EXTRACTED RECORDS:

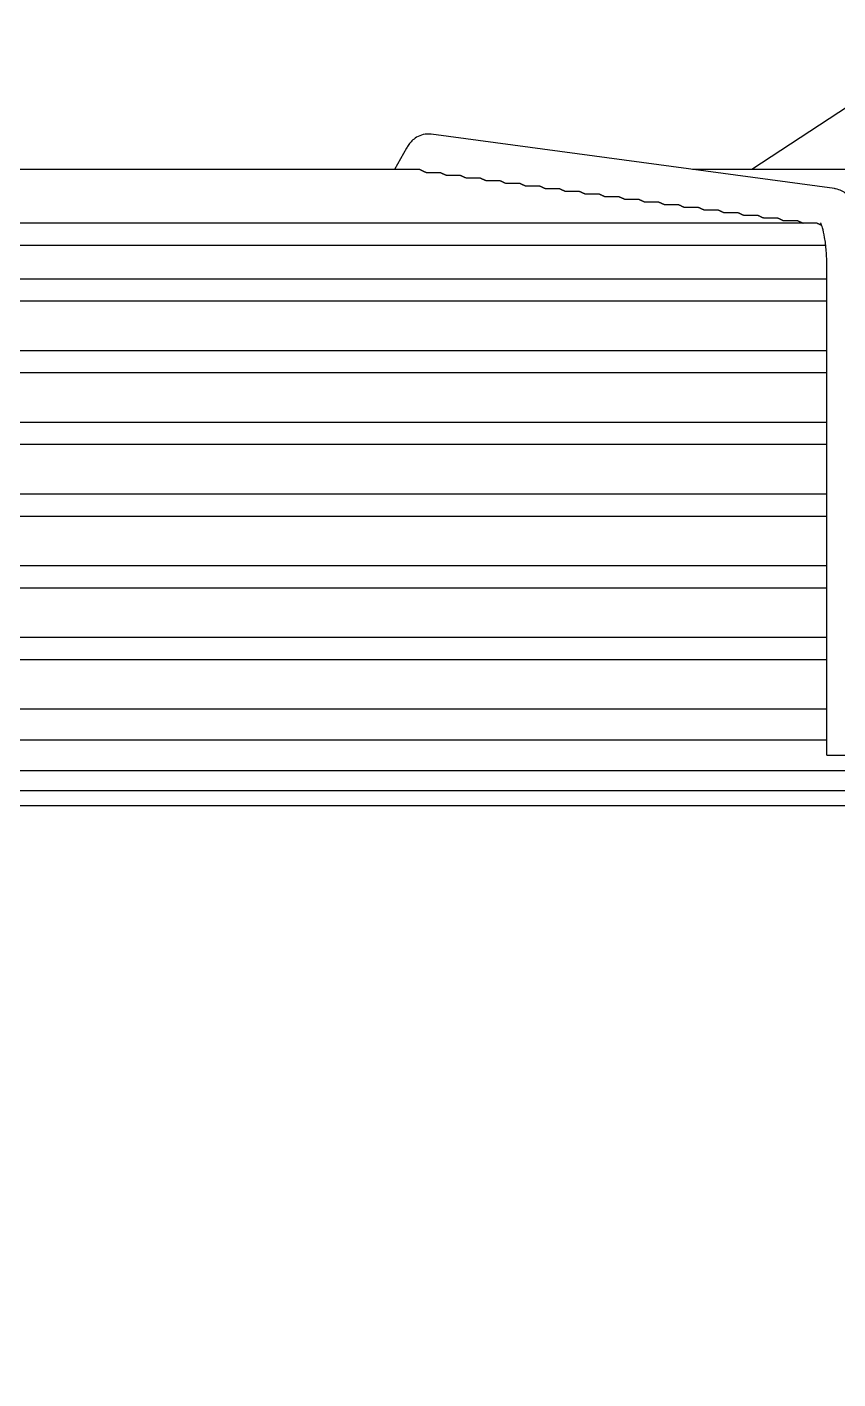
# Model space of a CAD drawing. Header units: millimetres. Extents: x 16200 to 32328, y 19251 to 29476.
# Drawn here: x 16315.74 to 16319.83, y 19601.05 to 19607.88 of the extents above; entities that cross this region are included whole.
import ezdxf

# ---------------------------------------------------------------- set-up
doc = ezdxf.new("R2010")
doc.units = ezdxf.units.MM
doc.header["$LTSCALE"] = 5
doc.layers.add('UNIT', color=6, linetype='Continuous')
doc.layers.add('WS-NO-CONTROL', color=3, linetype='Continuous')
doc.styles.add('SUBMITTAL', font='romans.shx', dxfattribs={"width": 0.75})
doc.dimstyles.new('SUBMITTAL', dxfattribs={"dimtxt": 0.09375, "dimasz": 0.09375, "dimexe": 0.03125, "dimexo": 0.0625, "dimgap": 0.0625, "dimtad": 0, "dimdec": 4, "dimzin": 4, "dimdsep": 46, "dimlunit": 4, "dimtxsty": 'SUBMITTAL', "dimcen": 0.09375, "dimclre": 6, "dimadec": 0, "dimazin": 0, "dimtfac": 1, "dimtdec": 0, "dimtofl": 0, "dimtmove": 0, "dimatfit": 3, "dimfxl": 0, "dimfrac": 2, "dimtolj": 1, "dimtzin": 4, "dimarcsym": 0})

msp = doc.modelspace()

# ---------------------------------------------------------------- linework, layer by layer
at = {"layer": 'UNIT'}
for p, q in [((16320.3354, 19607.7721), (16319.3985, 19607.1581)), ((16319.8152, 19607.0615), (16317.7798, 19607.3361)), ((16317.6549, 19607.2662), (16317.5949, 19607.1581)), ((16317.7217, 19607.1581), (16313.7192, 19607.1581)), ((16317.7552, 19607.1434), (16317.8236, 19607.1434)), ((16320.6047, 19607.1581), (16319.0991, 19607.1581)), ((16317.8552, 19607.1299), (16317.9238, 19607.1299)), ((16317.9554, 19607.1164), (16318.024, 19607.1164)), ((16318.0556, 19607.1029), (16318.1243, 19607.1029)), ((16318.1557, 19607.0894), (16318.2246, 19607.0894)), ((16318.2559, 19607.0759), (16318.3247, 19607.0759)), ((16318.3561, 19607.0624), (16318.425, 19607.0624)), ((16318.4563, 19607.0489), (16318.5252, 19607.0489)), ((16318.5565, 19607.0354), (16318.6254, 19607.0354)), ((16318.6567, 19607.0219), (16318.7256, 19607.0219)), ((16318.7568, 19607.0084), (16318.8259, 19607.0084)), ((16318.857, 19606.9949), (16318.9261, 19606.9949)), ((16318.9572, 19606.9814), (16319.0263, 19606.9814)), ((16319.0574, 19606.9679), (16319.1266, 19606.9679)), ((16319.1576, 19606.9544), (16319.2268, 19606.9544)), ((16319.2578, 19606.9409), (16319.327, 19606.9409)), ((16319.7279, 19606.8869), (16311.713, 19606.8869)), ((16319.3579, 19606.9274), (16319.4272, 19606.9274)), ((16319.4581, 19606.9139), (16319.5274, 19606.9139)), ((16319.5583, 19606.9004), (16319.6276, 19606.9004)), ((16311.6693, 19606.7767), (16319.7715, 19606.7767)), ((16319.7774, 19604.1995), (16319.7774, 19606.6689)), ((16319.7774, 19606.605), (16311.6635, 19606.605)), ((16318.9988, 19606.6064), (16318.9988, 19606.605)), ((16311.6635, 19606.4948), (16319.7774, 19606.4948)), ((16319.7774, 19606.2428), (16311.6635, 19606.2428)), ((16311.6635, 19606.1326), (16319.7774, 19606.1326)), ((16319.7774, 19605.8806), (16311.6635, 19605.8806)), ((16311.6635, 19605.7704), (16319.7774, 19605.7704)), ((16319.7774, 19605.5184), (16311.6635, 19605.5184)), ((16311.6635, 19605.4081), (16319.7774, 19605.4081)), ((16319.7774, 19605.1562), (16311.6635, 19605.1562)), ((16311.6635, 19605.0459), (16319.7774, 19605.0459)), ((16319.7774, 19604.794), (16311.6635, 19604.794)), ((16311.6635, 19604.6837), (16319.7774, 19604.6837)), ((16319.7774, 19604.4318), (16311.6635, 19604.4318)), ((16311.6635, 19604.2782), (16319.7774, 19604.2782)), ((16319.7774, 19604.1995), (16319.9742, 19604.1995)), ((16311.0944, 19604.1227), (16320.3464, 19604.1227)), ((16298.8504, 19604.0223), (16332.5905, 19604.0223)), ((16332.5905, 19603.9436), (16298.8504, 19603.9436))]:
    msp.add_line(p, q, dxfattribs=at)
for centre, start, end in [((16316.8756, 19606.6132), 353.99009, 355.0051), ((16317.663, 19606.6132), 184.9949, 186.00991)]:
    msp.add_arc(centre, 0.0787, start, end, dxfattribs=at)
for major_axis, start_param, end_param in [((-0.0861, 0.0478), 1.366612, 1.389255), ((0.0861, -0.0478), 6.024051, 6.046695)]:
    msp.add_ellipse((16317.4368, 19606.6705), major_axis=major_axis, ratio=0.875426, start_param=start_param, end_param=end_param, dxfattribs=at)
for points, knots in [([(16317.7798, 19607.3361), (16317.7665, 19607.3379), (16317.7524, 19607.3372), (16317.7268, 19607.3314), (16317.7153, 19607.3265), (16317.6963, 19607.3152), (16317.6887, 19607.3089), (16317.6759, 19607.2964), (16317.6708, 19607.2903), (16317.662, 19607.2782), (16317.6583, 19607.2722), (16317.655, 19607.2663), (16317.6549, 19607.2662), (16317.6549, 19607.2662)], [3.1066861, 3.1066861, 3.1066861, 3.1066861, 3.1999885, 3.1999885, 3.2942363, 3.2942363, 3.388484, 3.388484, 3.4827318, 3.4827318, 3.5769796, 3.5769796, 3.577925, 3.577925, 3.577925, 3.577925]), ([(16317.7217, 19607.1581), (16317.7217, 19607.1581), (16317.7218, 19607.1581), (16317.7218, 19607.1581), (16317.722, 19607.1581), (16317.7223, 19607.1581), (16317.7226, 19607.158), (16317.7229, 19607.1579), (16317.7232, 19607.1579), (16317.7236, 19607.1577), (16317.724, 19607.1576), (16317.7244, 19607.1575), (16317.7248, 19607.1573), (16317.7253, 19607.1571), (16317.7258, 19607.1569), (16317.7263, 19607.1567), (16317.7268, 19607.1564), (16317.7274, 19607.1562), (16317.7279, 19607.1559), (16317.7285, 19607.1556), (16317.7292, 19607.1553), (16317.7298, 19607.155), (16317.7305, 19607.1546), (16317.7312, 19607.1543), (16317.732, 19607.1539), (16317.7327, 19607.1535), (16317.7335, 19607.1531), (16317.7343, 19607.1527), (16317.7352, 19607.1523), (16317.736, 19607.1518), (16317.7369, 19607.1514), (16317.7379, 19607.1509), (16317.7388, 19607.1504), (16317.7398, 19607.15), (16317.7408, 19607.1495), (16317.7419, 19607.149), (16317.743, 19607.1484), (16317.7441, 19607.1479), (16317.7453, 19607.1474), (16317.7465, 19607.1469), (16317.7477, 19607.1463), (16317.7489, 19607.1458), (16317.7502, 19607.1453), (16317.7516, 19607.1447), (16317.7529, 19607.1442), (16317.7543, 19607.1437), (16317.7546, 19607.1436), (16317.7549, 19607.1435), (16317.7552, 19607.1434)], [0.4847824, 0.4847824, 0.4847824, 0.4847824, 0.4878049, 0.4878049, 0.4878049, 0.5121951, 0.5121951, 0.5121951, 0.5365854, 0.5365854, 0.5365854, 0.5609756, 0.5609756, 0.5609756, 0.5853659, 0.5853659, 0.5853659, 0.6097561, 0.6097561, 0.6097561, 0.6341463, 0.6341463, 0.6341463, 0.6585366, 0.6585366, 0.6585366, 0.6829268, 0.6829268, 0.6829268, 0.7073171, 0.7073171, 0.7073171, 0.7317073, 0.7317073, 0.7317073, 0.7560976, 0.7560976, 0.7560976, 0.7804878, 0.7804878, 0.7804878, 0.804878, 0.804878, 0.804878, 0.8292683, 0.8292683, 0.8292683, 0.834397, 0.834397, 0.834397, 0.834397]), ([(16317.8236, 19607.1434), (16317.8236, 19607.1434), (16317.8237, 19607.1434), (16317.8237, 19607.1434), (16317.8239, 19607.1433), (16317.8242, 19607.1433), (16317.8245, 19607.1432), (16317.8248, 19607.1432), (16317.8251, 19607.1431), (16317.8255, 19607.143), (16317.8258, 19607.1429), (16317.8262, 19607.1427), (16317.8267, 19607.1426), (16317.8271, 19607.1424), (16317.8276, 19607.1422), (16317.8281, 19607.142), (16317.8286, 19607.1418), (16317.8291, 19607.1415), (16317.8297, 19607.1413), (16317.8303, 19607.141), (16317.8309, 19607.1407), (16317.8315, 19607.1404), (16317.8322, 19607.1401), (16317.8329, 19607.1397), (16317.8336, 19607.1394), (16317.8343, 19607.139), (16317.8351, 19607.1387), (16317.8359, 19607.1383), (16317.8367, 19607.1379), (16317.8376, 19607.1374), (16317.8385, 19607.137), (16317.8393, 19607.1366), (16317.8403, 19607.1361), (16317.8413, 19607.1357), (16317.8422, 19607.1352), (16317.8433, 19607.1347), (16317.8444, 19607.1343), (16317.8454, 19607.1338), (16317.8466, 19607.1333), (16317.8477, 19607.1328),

WHAT NEEDS TO BE DONE:
Look through the records above for the string "units", then copy every line that has it.

RESULT OF THIS EXERCISE:
# Model space of a CAD drawing. Header units: millimetres. Extents: x 16200 to 32328, y 19251 to 29476.
doc.units = ezdxf.units.MM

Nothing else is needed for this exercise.